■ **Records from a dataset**
----------
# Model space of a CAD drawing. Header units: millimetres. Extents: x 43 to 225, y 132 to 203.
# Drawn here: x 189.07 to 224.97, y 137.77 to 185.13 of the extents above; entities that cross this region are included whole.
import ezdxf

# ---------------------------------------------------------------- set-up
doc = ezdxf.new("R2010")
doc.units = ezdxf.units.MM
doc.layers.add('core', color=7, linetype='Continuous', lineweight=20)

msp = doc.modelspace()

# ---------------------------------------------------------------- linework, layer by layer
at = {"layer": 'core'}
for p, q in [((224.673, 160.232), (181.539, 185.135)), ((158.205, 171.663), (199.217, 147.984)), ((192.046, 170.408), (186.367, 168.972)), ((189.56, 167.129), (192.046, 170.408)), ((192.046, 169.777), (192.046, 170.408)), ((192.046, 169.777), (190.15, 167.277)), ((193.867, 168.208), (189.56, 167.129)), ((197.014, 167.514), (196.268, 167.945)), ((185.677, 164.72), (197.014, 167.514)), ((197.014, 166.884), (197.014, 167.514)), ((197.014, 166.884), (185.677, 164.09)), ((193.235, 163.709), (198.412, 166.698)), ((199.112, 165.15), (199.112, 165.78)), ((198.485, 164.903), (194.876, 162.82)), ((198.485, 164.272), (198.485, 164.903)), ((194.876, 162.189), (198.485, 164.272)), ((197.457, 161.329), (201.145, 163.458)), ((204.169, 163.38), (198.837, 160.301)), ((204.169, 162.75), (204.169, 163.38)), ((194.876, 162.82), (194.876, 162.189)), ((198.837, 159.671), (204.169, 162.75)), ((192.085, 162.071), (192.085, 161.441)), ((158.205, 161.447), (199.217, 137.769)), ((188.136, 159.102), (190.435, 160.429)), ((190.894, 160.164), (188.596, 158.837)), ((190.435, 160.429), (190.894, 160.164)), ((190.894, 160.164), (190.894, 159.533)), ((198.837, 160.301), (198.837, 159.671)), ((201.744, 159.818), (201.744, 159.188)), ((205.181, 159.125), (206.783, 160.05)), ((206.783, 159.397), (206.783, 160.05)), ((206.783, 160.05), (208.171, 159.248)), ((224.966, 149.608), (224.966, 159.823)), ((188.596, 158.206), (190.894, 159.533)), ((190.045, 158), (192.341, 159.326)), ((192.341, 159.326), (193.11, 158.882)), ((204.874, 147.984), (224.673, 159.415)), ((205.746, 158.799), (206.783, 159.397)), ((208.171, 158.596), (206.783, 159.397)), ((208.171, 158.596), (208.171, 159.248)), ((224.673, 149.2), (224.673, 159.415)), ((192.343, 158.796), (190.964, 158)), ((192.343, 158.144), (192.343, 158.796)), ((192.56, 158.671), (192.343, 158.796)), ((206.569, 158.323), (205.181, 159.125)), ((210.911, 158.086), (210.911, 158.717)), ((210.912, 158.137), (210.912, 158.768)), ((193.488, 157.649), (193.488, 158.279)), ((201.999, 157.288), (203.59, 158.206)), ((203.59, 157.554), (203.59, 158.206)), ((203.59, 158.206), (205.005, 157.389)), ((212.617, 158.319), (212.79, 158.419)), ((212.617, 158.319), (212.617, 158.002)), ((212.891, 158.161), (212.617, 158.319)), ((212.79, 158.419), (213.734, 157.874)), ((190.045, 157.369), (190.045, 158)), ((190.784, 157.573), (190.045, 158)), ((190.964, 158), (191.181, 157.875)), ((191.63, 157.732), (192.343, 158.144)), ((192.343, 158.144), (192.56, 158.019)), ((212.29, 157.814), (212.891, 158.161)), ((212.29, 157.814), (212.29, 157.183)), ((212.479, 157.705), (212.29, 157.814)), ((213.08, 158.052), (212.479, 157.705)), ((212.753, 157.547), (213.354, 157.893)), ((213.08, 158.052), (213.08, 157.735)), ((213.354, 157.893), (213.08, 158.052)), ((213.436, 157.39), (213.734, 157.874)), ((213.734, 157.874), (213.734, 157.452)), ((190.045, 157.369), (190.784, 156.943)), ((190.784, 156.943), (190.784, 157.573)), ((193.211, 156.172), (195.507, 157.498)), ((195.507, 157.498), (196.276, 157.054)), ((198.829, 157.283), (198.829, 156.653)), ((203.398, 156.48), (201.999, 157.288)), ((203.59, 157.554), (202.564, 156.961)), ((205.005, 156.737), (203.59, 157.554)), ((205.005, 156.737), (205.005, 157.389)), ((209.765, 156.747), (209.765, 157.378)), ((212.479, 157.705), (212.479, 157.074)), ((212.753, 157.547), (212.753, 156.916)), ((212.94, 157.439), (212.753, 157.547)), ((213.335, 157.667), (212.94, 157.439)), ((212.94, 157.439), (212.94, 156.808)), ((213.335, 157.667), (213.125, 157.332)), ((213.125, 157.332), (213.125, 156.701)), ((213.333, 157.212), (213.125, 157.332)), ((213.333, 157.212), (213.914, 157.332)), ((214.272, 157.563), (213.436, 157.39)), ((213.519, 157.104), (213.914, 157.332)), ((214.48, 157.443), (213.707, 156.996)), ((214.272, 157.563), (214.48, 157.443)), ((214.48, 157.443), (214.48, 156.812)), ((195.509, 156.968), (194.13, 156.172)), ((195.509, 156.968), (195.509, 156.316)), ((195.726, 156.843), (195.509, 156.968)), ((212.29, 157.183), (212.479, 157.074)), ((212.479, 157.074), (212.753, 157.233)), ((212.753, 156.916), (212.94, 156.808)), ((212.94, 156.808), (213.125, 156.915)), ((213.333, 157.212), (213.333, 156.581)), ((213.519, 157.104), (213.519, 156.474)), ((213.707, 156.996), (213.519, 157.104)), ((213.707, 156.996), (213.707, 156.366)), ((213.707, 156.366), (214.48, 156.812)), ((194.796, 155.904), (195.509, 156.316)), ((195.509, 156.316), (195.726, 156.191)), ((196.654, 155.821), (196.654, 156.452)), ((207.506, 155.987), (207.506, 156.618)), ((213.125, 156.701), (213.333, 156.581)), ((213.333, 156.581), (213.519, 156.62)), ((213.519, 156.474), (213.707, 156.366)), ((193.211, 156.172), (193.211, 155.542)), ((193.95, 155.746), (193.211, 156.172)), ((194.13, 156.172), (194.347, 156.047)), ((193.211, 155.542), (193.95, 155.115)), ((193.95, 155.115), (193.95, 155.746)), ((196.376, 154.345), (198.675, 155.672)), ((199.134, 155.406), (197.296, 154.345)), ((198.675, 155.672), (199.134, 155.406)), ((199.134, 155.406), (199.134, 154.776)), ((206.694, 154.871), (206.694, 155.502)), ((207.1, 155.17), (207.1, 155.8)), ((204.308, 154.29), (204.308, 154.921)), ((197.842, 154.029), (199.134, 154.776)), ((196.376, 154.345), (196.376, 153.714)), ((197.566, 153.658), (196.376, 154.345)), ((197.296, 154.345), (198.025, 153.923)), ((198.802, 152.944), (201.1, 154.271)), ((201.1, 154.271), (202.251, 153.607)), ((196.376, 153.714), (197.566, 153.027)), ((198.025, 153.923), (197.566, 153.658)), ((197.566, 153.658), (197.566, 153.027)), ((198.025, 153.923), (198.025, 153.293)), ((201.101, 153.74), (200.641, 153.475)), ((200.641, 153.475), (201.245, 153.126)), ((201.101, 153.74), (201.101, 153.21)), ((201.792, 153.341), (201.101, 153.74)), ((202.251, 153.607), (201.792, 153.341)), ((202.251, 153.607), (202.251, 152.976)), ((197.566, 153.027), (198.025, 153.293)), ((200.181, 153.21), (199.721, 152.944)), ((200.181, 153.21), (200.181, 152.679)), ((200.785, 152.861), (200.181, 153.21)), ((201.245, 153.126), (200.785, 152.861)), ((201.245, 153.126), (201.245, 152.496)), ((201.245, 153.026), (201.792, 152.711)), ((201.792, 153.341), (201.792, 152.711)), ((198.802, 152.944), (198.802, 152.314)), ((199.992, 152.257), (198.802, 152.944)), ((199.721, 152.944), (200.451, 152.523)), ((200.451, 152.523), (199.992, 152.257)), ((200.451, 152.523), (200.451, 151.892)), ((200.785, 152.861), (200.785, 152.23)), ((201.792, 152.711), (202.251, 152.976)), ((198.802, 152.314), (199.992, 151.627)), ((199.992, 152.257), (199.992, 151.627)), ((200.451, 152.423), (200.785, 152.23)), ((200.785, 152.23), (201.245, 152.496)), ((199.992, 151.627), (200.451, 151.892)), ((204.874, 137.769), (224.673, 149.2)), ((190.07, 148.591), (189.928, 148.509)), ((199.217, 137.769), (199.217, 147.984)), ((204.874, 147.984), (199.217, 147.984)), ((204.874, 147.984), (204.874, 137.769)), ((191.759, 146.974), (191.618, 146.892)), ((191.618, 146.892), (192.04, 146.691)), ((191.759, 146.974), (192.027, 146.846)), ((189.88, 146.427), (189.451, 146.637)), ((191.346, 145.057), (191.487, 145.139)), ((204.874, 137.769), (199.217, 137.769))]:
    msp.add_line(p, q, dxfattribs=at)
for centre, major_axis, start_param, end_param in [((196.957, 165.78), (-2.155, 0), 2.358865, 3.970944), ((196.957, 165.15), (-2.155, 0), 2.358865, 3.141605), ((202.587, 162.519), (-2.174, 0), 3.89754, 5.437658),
----------
■ **Description of the task**
Using the data above, establish how many lines include the word "core"; the reply is that number only.

■ **Answer space**
2